We used 783 bp of mitochondrial DNA sequences to study the phylogeography of Charina bottae (rubber boa) in western North America, with an emphasis on populations from California (U.S.A.). Maximum-parsimony and maximum-likelihood methods identified a basal divergence within C. bottae that corresponds to southern and northern segments of its current distribution. These clades coincide with the ranges of the two recognized subspecies, C. b. umbratica in the south and C. b. bottae to the north. A subsequent cladogenetic event in the C. b. bottae clade resulted in two groupings, which we refer to as the Sierra Nevada and the Northwestern subclades, based on the geographic distribution of their constituent populations. The two subclades have completely allopatric distributions, with a genetic break in the vicinity of Lassen Volcanic National Park in northeastern California, an area that was subjected to glaciation during the Pleistocene and that has been volcanically active in the past 100 years. An earlier genetic study documented fixed differences between populations of bottae and umbratica in four of seven allozymes surveyed, and despite noticeable variation and overlap in the characters that define C. b. bottae and C. b. umbratica, the two forms still can be separated in most cases using a suite of morphological traits. All available evidence thus indicates that C. b. umbratica is a genetically cohesive, allopatric taxon that is morphologically diagnosable, and we conclude that it is an independent evolutionary unit that should be recognized as a distinct species, Charina umbratica.

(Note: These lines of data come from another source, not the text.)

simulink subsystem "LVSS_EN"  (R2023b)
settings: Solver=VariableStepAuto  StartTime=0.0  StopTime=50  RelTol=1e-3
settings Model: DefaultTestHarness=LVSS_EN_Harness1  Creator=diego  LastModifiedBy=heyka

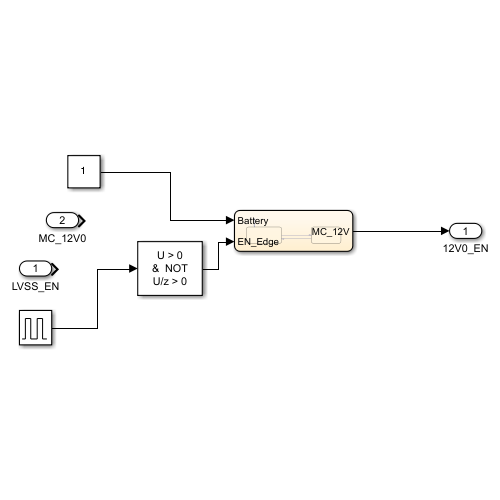
[thumbnail: Simulink's stored preview of the top-level diagram]
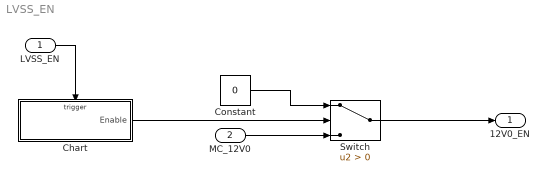
== system LVSS_EN ==
  LVSS_EN : Inport
  MC_12V0 : Inport  Port=2
  Chart : Stateflow chart  TreatAsAtomicUnit=on
  Constant : Constant  Value=0
  Switch : Switch  Criteria=u2 > Threshold  SaturateOnIntegerOverflow=off  InputSameDT=off
  12V0_EN : Outport
  wires:
  Switch/1 -> 12V0_EN/1
  LVSS_EN/1 -> Chart/Trigger
  Chart/1(Enable) -> Switch/2
  MC_12V0/1 -> Switch/3
  Constant/1 -> Switch/1

== stateflow chart LVSS_EN/Chart ==
  settings: executeAtInitialization=1
  state Off
    entry:
    Enable = 0;
  state On1
    entry:
    Enable = 1;
  (default) -> On1
  Off -> On1 : Transition
  On1 -> Off : Transition
  data: Enable output =0
  events: Transition input RISING_EDGE_EVENT
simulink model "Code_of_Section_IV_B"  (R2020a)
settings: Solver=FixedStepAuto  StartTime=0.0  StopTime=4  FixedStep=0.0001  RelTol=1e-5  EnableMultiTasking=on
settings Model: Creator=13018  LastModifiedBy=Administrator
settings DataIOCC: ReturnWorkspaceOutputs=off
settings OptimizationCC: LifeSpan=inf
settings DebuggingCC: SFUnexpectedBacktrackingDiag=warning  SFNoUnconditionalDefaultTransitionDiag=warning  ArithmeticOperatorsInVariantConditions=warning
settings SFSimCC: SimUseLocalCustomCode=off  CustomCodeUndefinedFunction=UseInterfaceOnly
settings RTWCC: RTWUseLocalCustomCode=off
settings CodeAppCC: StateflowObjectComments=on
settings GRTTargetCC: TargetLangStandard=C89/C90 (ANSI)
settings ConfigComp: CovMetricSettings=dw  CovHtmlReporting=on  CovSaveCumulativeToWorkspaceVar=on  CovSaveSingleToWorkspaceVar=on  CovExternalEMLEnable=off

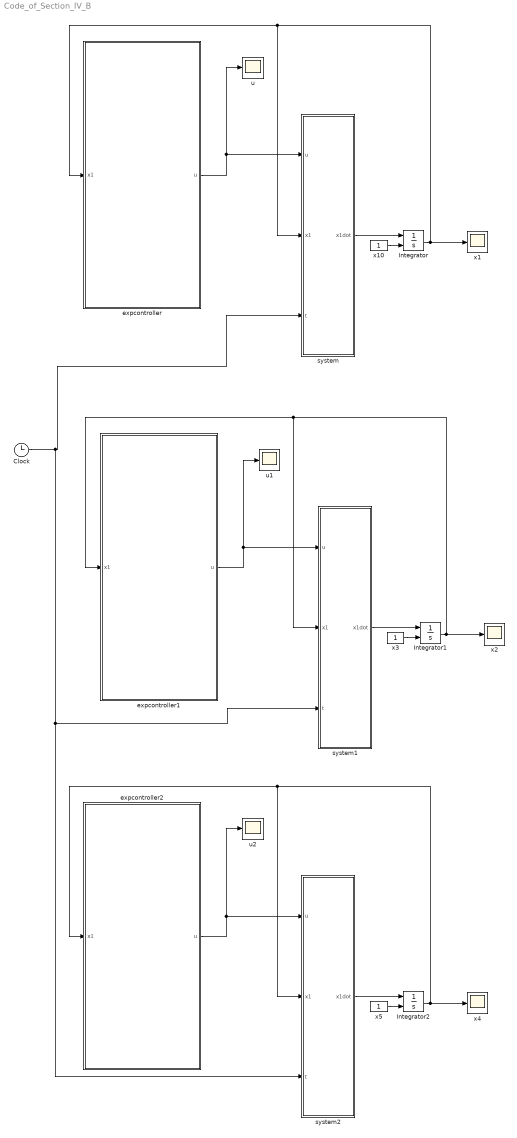
== system Code_of_Section_IV_B ==
  Clock : Clock
  Integrator : Integrator  InitialConditionSource=external
  Integrator1 : Integrator  InitialConditionSource=external
  Integrator2 : Integrator  InitialConditionSource=external
  expcontroller : MATLAB Function  TreatAsAtomicUnit=on
  expcontroller1 : MATLAB Function  TreatAsAtomicUnit=on
  expcontroller2 : MATLAB Function  TreatAsAtomicUnit=on
  system : MATLAB Function  TreatAsAtomicUnit=on
  system1 : MATLAB Function  TreatAsAtomicUnit=on
  system2 : MATLAB Function  TreatAsAtomicUnit=on
  u : Scope
  u1 : Scope
  u2 : Scope
  x1 : Scope
  x10 : Constant  VectorParams1D=off  SampleTime=-1
  x2 : Scope
  x3 : Constant  VectorParams1D=off  SampleTime=-1
  x4 : Scope
  x5 : Constant  VectorParams1D=off  SampleTime=-1
  wires:
  system/1(x1dot) -> Integrator/1
  x10/1 -> Integrator/2
  Integrator/1 -> system/2(x1), expcontroller/1(x1), x1/1
  expcontroller/1(u) -> system/1(u), u/1
  x3/1 -> Integrator1/2
  system1/1(x1dot) -> Integrator1/1
  expcontroller1/1(u) -> u1/1, system1/1(u)
  Integrator1/1 -> system1/2(x1), expcontroller1/1(x1), x2/1
  x5/1 -> Integrator2/2
  system2/1(x1dot) -> Integrator2/1
  expcontroller2/1(u) -> u2/1, system2/1(u)
  Integrator2/1 -> system2/2(x1), expcontroller2/1(x1), x4/1
  Clock/1 -> system1/3(t), system2/3(t), system/3(t)

== matlab function Code_of_Section_IV_B/system1 ==
  data: u input; x1 input; x1dot output; t input
function x1dot  = fcn(u,x1,t)
x1dot=0.5*sin(10*x1)+0.5*cos(10*t)+u;
end

== matlab function Code_of_Section_IV_B/expcontroller2 ==
  data: u output; x1 input
function u   = fcn(x1)
Tc=1;
x1s=0.1;
x1c=1;

u=-log(x1c/x1s)/(Tc)*x1-1/x1s*x1;

end

== matlab function Code_of_Section_IV_B/system2 ==
  data: u input; x1 input; x1dot output; t input
function x1dot  = fcn(u,x1,t)
x1dot=0.5+0.5*cos(x1*t)+u;
end

== matlab function Code_of_Section_IV_B/expcontroller1 ==
  data: u output; x1 input
function u   = fcn(x1)
Tc=1;
x1s=0.1;
x1c=1;

u=-log(x1c/x1s)/(Tc)*x1-1/x1s*x1;
end

== matlab function Code_of_Section_IV_B/system ==
  data: u input; x1 input; x1dot output; t input
function x1dot  = fcn(u,x1,t)
x1dot=cos(10*t)*exp(-t)+u;
end

== matlab function Code_of_Section_IV_B/expcontroller ==
  data: u output; x1 input
function u   = fcn(x1)
Tc=1;
x1s=0.1;
x1c=1;

u=-log(x1c/x1s)/(Tc)*x1-1/x1s*x1;

end
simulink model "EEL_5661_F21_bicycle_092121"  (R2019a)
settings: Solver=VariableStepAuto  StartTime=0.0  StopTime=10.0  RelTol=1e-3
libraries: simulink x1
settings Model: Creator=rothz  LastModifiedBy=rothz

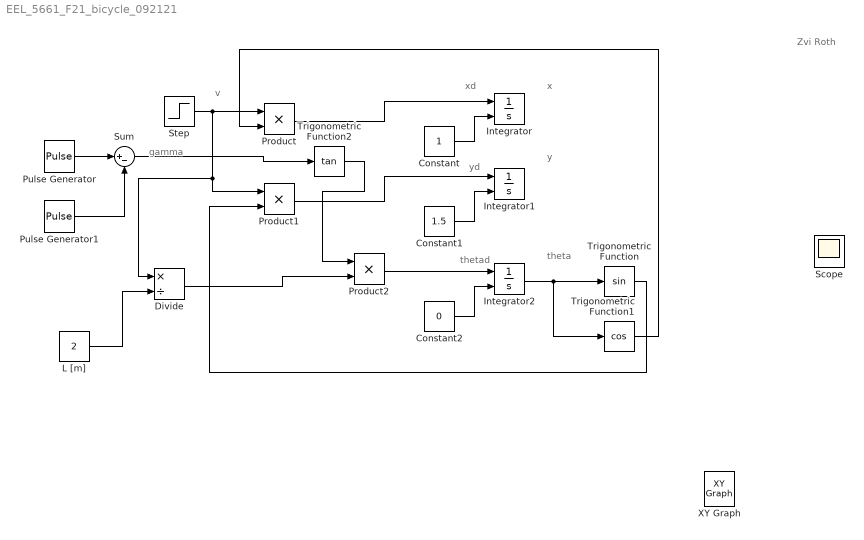
== system EEL_5661_F21_bicycle_092121 ==
  note: gamma
  note: v
  note: thetad
  note: yd
  note: xd
  note: theta
  note: y
  note: x
  note: Zvi Roth
  Constant : Constant
  Constant1 : Constant  Value=1.5
  Constant2 : Constant  Value=0
  Divide : Product  Inputs=*/
  Integrator : Integrator  InitialConditionSource=external
  Integrator1 : Integrator  InitialConditionSource=external
  Integrator2 : Integrator  InitialConditionSource=external
  L [m] : Constant  Value=2
  Product : Product
  Product1 : Product
  Product2 : Product
  Pulse Generator : DiscretePulseGenerator  PulseType=Time based  Period=10  PulseWidth=5
  Pulse Generator1 : DiscretePulseGenerator  PulseType=Time based  Period=10  PulseWidth=5
  Scope : Scope
  Step : Step  SampleTime=0
  Sum : Sum  Inputs=|+-
  Trigonometric Function : Trigonometry
  Trigonometric Function1 : Trigonometry  Operator=cos
  Trigonometric Function2 : Trigonometry  Operator=tan
  XY Graph : simulink/Sinks/XY Graph  xmin=-1  xmax=1  ymin=-1  ymax=1  st=-1
  wires:
  Constant/1 -> Integrator/2
  Constant1/1 -> Integrator1/2
  Constant2/1 -> Integrator2/2
  Integrator2/1 -> Trigonometric Function1/1, Trigonometric Function/1
  Step/1 -> Divide/1, Product1/1, Product/1
  Trigonometric Function1/1 -> Product/2
  Product/1 -> Integrator/1
  Trigonometric Function/1 -> Product1/2
  Product1/1 -> Integrator1/1
  Pulse Generator/1 -> Sum/1
  Pulse Generator1/1 -> Sum/2
  L [m]/1 -> Divide/2
  Sum/1 -> Trigonometric Function2/1
  Divide/1 -> Product2/2
  Trigonometric Function2/1 -> Product2/1
  Product2/1 -> Integrator2/1

Tripartite genetic subdivisions in the ornate shrew (Sorex ornatus)

We examined cytochrome b sequence variation in 251 ornate shrews (Sorex ornatus) from 20 localities distributed throughout their geographical range. Additionally, vagrant (S. vagrans) and montane (S. monticolus) shrews from four localities were used as outgroups. We found 24 haplotypes in ornate shrews from California (USA) and Baja California (Mexico) that differed by 1-31 substitutions in 392 bp of mitochondrial DNA (mtDNA) sequence. In a subset of individuals, we sequenced 699 bp of cytochrome b to better resolve the phylogeographic relationships of populations. The ornate shrew is phylogeographically structured into three haplotype clades representing southern, central and northern localities. Analysis of allozyme variation reveals a similar pattern of variation. Several other small California vertebrates have a similar tripartite pattern of genetic subdivision. We suggest that topographic barriers and expansion and contraction of wetland habitats in the central valley during Pleistocene glacial cycles account for these patterns of genetic variation. Remarkably, the northern ornate shrew clade is phylogenetically clustered with another species of shrew suggesting that it may be a unique lowland form of the vagrant shrew that evolved in parallel to their southern California counterparts.